Sì al nesso causale tra vaccinazione e poliomielite

Pubblicato il 25 ottobre 2017

La Corte di Cassazione, Sesta sezione civile, ha ritenuto provato il nesso causale – accogliendo la conseguente domanda di risarcimento al Ministero della Salute – tra la vaccinazione antipolio somministrata ad un uomo nel lontano 1956, all’età di sette anni, e la poliomielite con effetti permanenti ed invalidanti, in seguito contratta.

La decisione giunge ad esito di una complessa vicenda ove l’uomo, attuale ricorrente, non avendo trovato ragione in primo e secondo grado, si era rivolto una prima volta alla Corte di Cassazione, che aveva cassato la pronuncia di merito con rinvio alla Corte d’Appello. Quest’ultima tuttavia, aveva nuovamente rigettato le istanze del ricorrente, ritenendo l’attribuibilità della poliomielite alla somministrazione del vaccino, una mera probabilità quantificabile nella misura assai bassa del 1 – 2%. Avverso detta pronuncia, pertanto, l’uomo ricorreva per la seconda volta in Cassazione.

Ma il Supremo Collegio gli ha dato di nuovo ragione, dando atto di come i Giudici di merito non si siano attenuti ai principi affermati in tema di indagine sul nesso di causalità, nel momento in cui hanno ritenuto che l’ipotesi del nesso causale non fosse suffragata da alta probabilità statistica. In altri termini, se da una parte il giudice del rinvio ha valorizzato la testimonianza del padre che ha dichiarato provata l’avvenuta vaccinazione del ricorrente nel 1956 – ritenendo che non potesse dunque escludersi il nesso causale – dall’altra ha tuttavia rigettato la domanda, in quanto il nesso non poteva affermarsi con “ragionevole probabilità” richiesta dalla prova per presunzioni.
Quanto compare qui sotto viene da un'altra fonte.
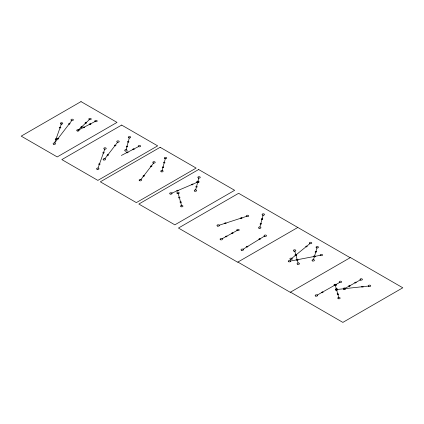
<?xml version="1.0" encoding="UTF-8"?>
<svg xmlns="http://www.w3.org/2000/svg" width="424" height="424" viewBox="0 0 424 424"><rect width="100%" height="100%" fill="white"/><g stroke="black" fill="none" stroke-linecap="round" stroke-linejoin="round"><path stroke-width="0.64" d="M322.251 292.804L322.272 291.723M349.365 286.46L349.403 285.373M355.418 283.163L355.455 282.082M226.146 236.989L226.188 235.903M232.209 233.704L232.251 232.617M83.793 127.847L83.888 126.76M90.015 124.656L90.111 123.575M127.237 152.926L127.333 151.845M133.459 149.741L133.555 148.654M192.046 185.044L192.258 183.963M177.327 191.256L177.603 190.185M126.098 149.714L129.288 137.927M162.111 170.506L165.307 158.719M195.649 189.867L198.84 178.08M259.917 226.973L263.108 215.185M313.453 259.652L317.03 247.902M61.496 123.644L54.579 143.047L71.736 120.617M98.023 168.127L104.755 149.237M241.002 218.662L241.452 217.607M225.059 223.771L225.568 222.727M104.781 158.91L117.549 142.305M140.794 179.707L153.567 163.097M314.126 256.965L314.905 255.979M296.795 260.241L297.632 259.271M89.379 119.616A1.224 0.71 0 0 1 89.427 118.391A1.224 0.71 0 0 1 91.245 119.027A1.224 0.71 0 0 1 89.379 119.616L77.915 130.38L95.082 121.513M361.905 287.223L362.907 286.306M343.975 289.131L345.03 288.235M291.659 258.444L309.891 243.636A1.224 0.71 0 0 0 311.773 242.978A1.224 0.71 0 0 0 309.949 242.348A1.224 0.71 0 0 0 309.918 243.572M178.769 197.939L179.824 197.091M180.131 202.656L181.186 201.808M295.327 255.465L296.381 254.617M296.689 260.177L297.743 259.334M335.962 289.91L337.016 289.062M337.324 294.627L338.379 293.779M243.032 249.275L264.618 236.051M297.802 227.465L237.62 262.207L178.446 228.043L238.627 193.302L350.176 257.702M317.083 295.178L339.598 282.479M345.396 288.188L360.315 279.935M222.171 238.712L237.117 230.476M121.359 155.465L138.521 146.593M171.646 193.196L196.964 182.399M127.507 142.082L128.965 141.468M126.23 146.805L127.688 146.19M163.521 162.874L164.984 162.26M162.244 167.597L163.701 166.982M197.059 182.235L198.517 181.62M195.782 186.963L197.239 186.343M261.327 219.341L262.785 218.726M260.05 224.063L261.507 223.448M315.111 252.036L316.596 251.437M313.681 256.748L315.159 256.149M55.184 139.448L56.694 138.871M98.628 164.533L100.138 163.956M219.007 225.287L246.455 216.394M68.524 124.025L70.183 123.612M114.337 145.708L116.001 145.299M150.35 166.499L152.015 166.091M57.113 138.849L58.798 138.473M106.88 155.285L108.565 154.908M142.893 176.082L144.579 175.706M59.206 127.81L60.892 127.433M102.65 152.889L104.336 152.513M290.355 261.067L320.215 255.333M84.959 123.05L86.713 122.806M80.576 127.121L82.335 126.877M305.572 246.604L307.342 246.392M337.398 289.454L368.324 286.078M294.961 255.137L296.747 254.957M246.217 246.742L248.019 246.678M258.751 239.099L260.559 239.067M334.43 284.954L336.237 284.928M321.36 292.258L323.168 292.269M354.533 282.612L356.34 282.633M348.48 285.909L350.288 285.93M231.329 233.147L233.136 233.168M225.266 236.433L227.073 236.459M89.162 124.089L90.969 124.142M82.94 127.28L84.742 127.333M132.606 149.174L134.408 149.227M126.384 152.359L128.186 152.412M191.251 184.445L193.047 184.562M176.57 190.646L178.361 190.8M240.35 218.01L242.104 218.259M224.444 223.109L226.183 223.39M313.691 256.255L315.334 256.69M296.408 259.525L298.024 259.986M361.646 286.486L363.172 287.043M343.753 288.389L345.247 288.977M178.536 197.197L180.062 197.833M179.898 201.914L181.424 202.55M295.088 254.723L296.615 255.354M296.45 259.44L297.977 260.071M335.729 289.168L337.255 289.804M337.091 293.885L338.617 294.521M290.498 292.157L342.873 322.394L402.8 287.795L350.425 257.553L290.244 292.3L237.869 262.064M261.502 218.593L262.61 219.473M260.225 223.321L261.332 224.195M197.234 181.493L198.342 182.368M195.957 186.216L197.065 187.09M163.696 162.127L164.809 163.007M162.418 166.855L163.526 167.729M127.682 141.335L128.79 142.21M126.405 146.057L127.513 146.937M315.313 251.294L316.394 252.179M313.877 256.001L314.958 256.891M98.861 163.791L99.9 164.698M55.422 138.706L56.456 139.613M150.817 165.8L151.548 166.796M114.798 145.003L115.535 146.004M68.985 123.32L69.722 124.317M143.397 175.388L144.075 176.4M107.383 154.59L108.062 155.603M57.616 138.155L58.295 139.167M103.159 152.195L103.832 153.207M59.715 127.115L60.388 128.127M85.616 122.403L86.056 123.458M81.238 126.469L81.673 127.523M306.266 245.968L306.647 247.028M295.698 254.511L296.01 255.582M335.421 285.644L338.728 297.42M294.786 251.194L298.088 262.97M178.228 193.673L181.536 205.449M247.054 246.169L247.176 247.25M259.626 238.542L259.684 239.629M335.31 284.398L335.352 285.485M81.005 101.606L21.2 136.136L57.214 156.928L117.019 122.398L81.005 101.606M121.646 125.069L61.84 159.599L97.854 180.391L157.659 145.861L121.646 125.069M160.139 147.292L100.334 181.822L136.348 202.614L196.153 168.089L160.139 147.292M198.633 169.521L138.828 204.045L174.842 224.837L234.647 190.312L198.633 169.521M343.827 289.269A1.224 0.71 0 0 0 345.73 288.723A1.224 0.71 0 0 0 343.965 288.044A1.224 0.71 0 0 0 343.827 289.269M360.517 280.031A1.224 0.71 0 0 0 362.419 279.49A1.224 0.71 0 0 0 360.654 278.806A1.224 0.71 0 0 0 360.517 280.031M335.819 290.08A1.224 0.71 0 0 0 337.727 289.539A1.224 0.71 0 0 0 335.962 288.855A1.224 0.71 0 0 0 335.819 290.08M368.827 286.428A1.224 0.71 0 0 0 370.735 285.887A1.224 0.71 0 0 0 368.975 285.204A1.224 0.71 0 0 0 368.827 286.428M338.283 298.719A1.224 0.71 0 0 0 340.149 298.136A1.224 0.71 0 0 0 338.336 297.494A1.224 0.71 0 0 0 338.283 298.719M334.589 285.548A1.224 0.71 0 0 0 336.449 284.96A1.224 0.71 0 0 0 334.642 284.319A1.224 0.71 0 0 0 334.589 285.548M339.757 282.479A1.224 0.71 0 0 0 341.649 281.923A1.224 0.71 0 0 0 339.868 281.255A1.224 0.71 0 0 0 339.757 282.479M315.71 296.09A1.224 0.71 0 0 0 317.603 295.533A1.224 0.71 0 0 0 315.822 294.866A1.224 0.71 0 0 0 315.71 296.09M181.09 206.748A1.224 0.71 0 0 0 182.956 206.165A1.224 0.71 0 0 0 181.143 205.523A1.224 0.71 0 0 0 181.09 206.748M177.396 193.577A1.224 0.71 0 0 0 179.257 192.989A1.224 0.71 0 0 0 177.449 192.348A1.224 0.71 0 0 0 177.396 193.577M197.245 182.474A1.224 0.71 0 0 0 199.132 181.912A1.224 0.71 0 0 0 197.34 181.249A1.224 0.71 0 0 0 197.245 182.474M170.204 194.049A1.224 0.71 0 0 0 172.091 193.487A1.224 0.71 0 0 0 170.305 192.825A1.224 0.71 0 0 0 170.204 194.049M290.429 259.44A1.224 0.71 0 0 0 292.284 258.841A1.224 0.71 0 0 0 290.466 258.211A1.224 0.71 0 0 0 290.429 259.44M316.627 247.817A1.224 0.71 0 0 0 318.472 247.208A1.224 0.71 0 0 0 316.633 246.593A1.224 0.71 0 0 0 316.627 247.817M312.626 260.961A1.224 0.71 0 0 0 314.465 260.352A1.224 0.71 0 0 0 312.631 259.737A1.224 0.71 0 0 0 312.626 260.961M320.74 255.614A1.224 0.71 0 0 0 322.584 255.004A1.224 0.71 0 0 0 320.751 254.389A1.224 0.71 0 0 0 320.74 255.614M288.855 261.788A1.224 0.71 0 0 0 290.7 261.179A1.224 0.71 0 0 0 288.866 260.559A1.224 0.71 0 0 0 288.855 261.788M293.949 251.098A1.224 0.71 0 0 0 295.814 250.515A1.224 0.71 0 0 0 294.002 249.874A1.224 0.71 0 0 0 293.949 251.098M297.643 264.274A1.224 0.71 0 0 0 299.508 263.686A1.224 0.71 0 0 0 297.696 263.05A1.224 0.71 0 0 0 297.643 264.274M241.616 250.356A1.224 0.71 0 0 0 243.466 249.752A1.224 0.71 0 0 0 241.643 249.132A1.224 0.71 0 0 0 241.616 250.356M264.677 236.327A1.224 0.71 0 0 0 266.532 235.723A1.224 0.71 0 0 0 264.703 235.097A1.224 0.71 0 0 0 264.677 236.327M237.323 230.577A1.224 0.71 0 0 0 239.231 230.031A1.224 0.71 0 0 0 237.467 229.352A1.224 0.71 0 0 0 237.323 230.577M220.602 239.788A1.224 0.71 0 0 0 222.505 239.247A1.224 0.71 0 0 0 220.74 238.564A1.224 0.71 0 0 0 220.602 239.788M217.533 226.087A1.224 0.71 0 0 0 219.404 225.51A1.224 0.71 0 0 0 217.597 224.863A1.224 0.71 0 0 0 217.533 226.087M246.842 216.547A1.224 0.71 0 0 0 248.713 215.964A1.224 0.71 0 0 0 246.906 215.323A1.224 0.71 0 0 0 246.842 216.547M259.053 228.266A1.224 0.71 0 0 0 260.951 227.714A1.224 0.71 0 0 0 259.17 227.041A1.224 0.71 0 0 0 259.053 228.266M262.631 215.079A1.224 0.71 0 0 0 264.523 214.528A1.224 0.71 0 0 0 262.748 213.855A1.224 0.71 0 0 0 262.631 215.079M198.363 177.974A1.224 0.71 0 0 0 200.255 177.423A1.224 0.71 0 0 0 198.48 176.75A1.224 0.71 0 0 0 198.363 177.974M194.786 191.16A1.224 0.71 0 0 0 196.683 190.609A1.224 0.71 0 0 0 194.902 189.936A1.224 0.71 0 0 0 194.786 191.16M161.252 171.799A1.224 0.71 0 0 0 163.145 171.243A1.224 0.71 0 0 0 161.369 170.575A1.224 0.71 0 0 0 161.252 171.799M164.825 158.613A1.224 0.71 0 0 0 166.717 158.062A1.224 0.71 0 0 0 164.941 157.389A1.224 0.71 0 0 0 164.825 158.613M153.356 162.97A1.224 0.71 0 0 0 155.221 162.387A1.224 0.71 0 0 0 153.419 161.74A1.224 0.71 0 0 0 153.356 162.97M139.697 180.751A1.224 0.71 0 0 0 141.563 180.173A1.224 0.71 0 0 0 139.761 179.527A1.224 0.71 0 0 0 139.697 180.751M104.357 149.078A1.224 0.71 0 0 0 106.228 148.495A1.224 0.71 0 0 0 104.421 147.854A1.224 0.71 0 0 0 104.357 149.078M103.679 159.959A1.224 0.71 0 0 0 105.55 159.382A1.224 0.71 0 0 0 103.742 158.735A1.224 0.71 0 0 0 103.679 159.959M117.337 142.173A1.224 0.71 0 0 0 119.208 141.595A1.224 0.71 0 0 0 117.4 140.948A1.224 0.71 0 0 0 117.337 142.173M128.811 137.821A1.224 0.71 0 0 0 130.703 137.265A1.224 0.71 0 0 0 128.928 136.597A1.224 0.71 0 0 0 128.811 137.821M125.234 151.008A1.224 0.71 0 0 0 127.131 150.451A1.224 0.71 0 0 0 125.356 149.783A1.224 0.71 0 0 0 125.234 151.008M138.796 146.725A1.224 0.71 0 0 0 140.662 146.137A1.224 0.71 0 0 0 138.844 145.501A1.224 0.71 0 0 0 138.796 146.725M97.133 169.351A1.224 0.71 0 0 0 98.999 168.773A1.224 0.71 0 0 0 97.197 168.127A1.224 0.71 0 0 0 97.133 169.351M71.523 120.49A1.224 0.71 0 0 0 73.394 119.907A1.224 0.71 0 0 0 71.587 119.266A1.224 0.71 0 0 0 71.523 120.49M53.689 144.271A1.224 0.71 0 0 0 55.56 143.688A1.224 0.71 0 0 0 53.753 143.047A1.224 0.71 0 0 0 53.689 144.271M60.913 123.993A1.224 0.71 0 0 0 62.784 123.416A1.224 0.71 0 0 0 60.977 122.769A1.224 0.71 0 0 0 60.913 123.993M95.352 121.64A1.224 0.71 0 0 0 97.218 121.052A1.224 0.71 0 0 0 95.4 120.416A1.224 0.71 0 0 0 95.352 121.64M77.279 130.99A1.224 0.71 0 0 0 79.14 130.401A1.224 0.71 0 0 0 77.327 129.76A1.224 0.71 0 0 0 77.279 130.99"/></g></svg>

Ragionevole probabilità scientifica. Non esclusa per la sola incidenza statistica

Sul punto, gli Ermellini hanno voluto ricordare, nell’ordinanza n. 25119 del 24 ottobre 2017, che la regola della “certezza probabilisticanon può essere ancorata esclusivamente alla determinazione quantitativa – statistica delle frequenze di classe di eventi (probabilità quantitativa), ma va quantificata riconducendo il grado di fondatezza nell’ambito degli elementi di conferma disponibili nel caso concreto (c.d. probabilità logica).

Nel caso di specie, inoltre, pur a fronte di elementi significativi in un ragionamento presuntivo (ad esempio, il fatto che la sintomatologia paralitica fosse insorta dopo la somministrazione del vaccino nei tempi previsti dalla scienza, la ritenuta inverosomiglianza del contagio per contatto, l’affermata validità degli studi presenti a sostegno delle difficoltà di inattivazione virale durante la prima produzione del vaccino), il giudice del rinvio ha erroneamente ritenuto di escludere la ragionevole probabilità scientifica dell’imputazione della poliomielite alla vaccinazione, in considerazione della sola incidenza statistica della soluzione ricercata; laddove questa, di per sé, non può essere sufficiente, in assenza di specificazione degli ulteriori presupposti in base ai quali la medesima analisi statistica è stata condotta.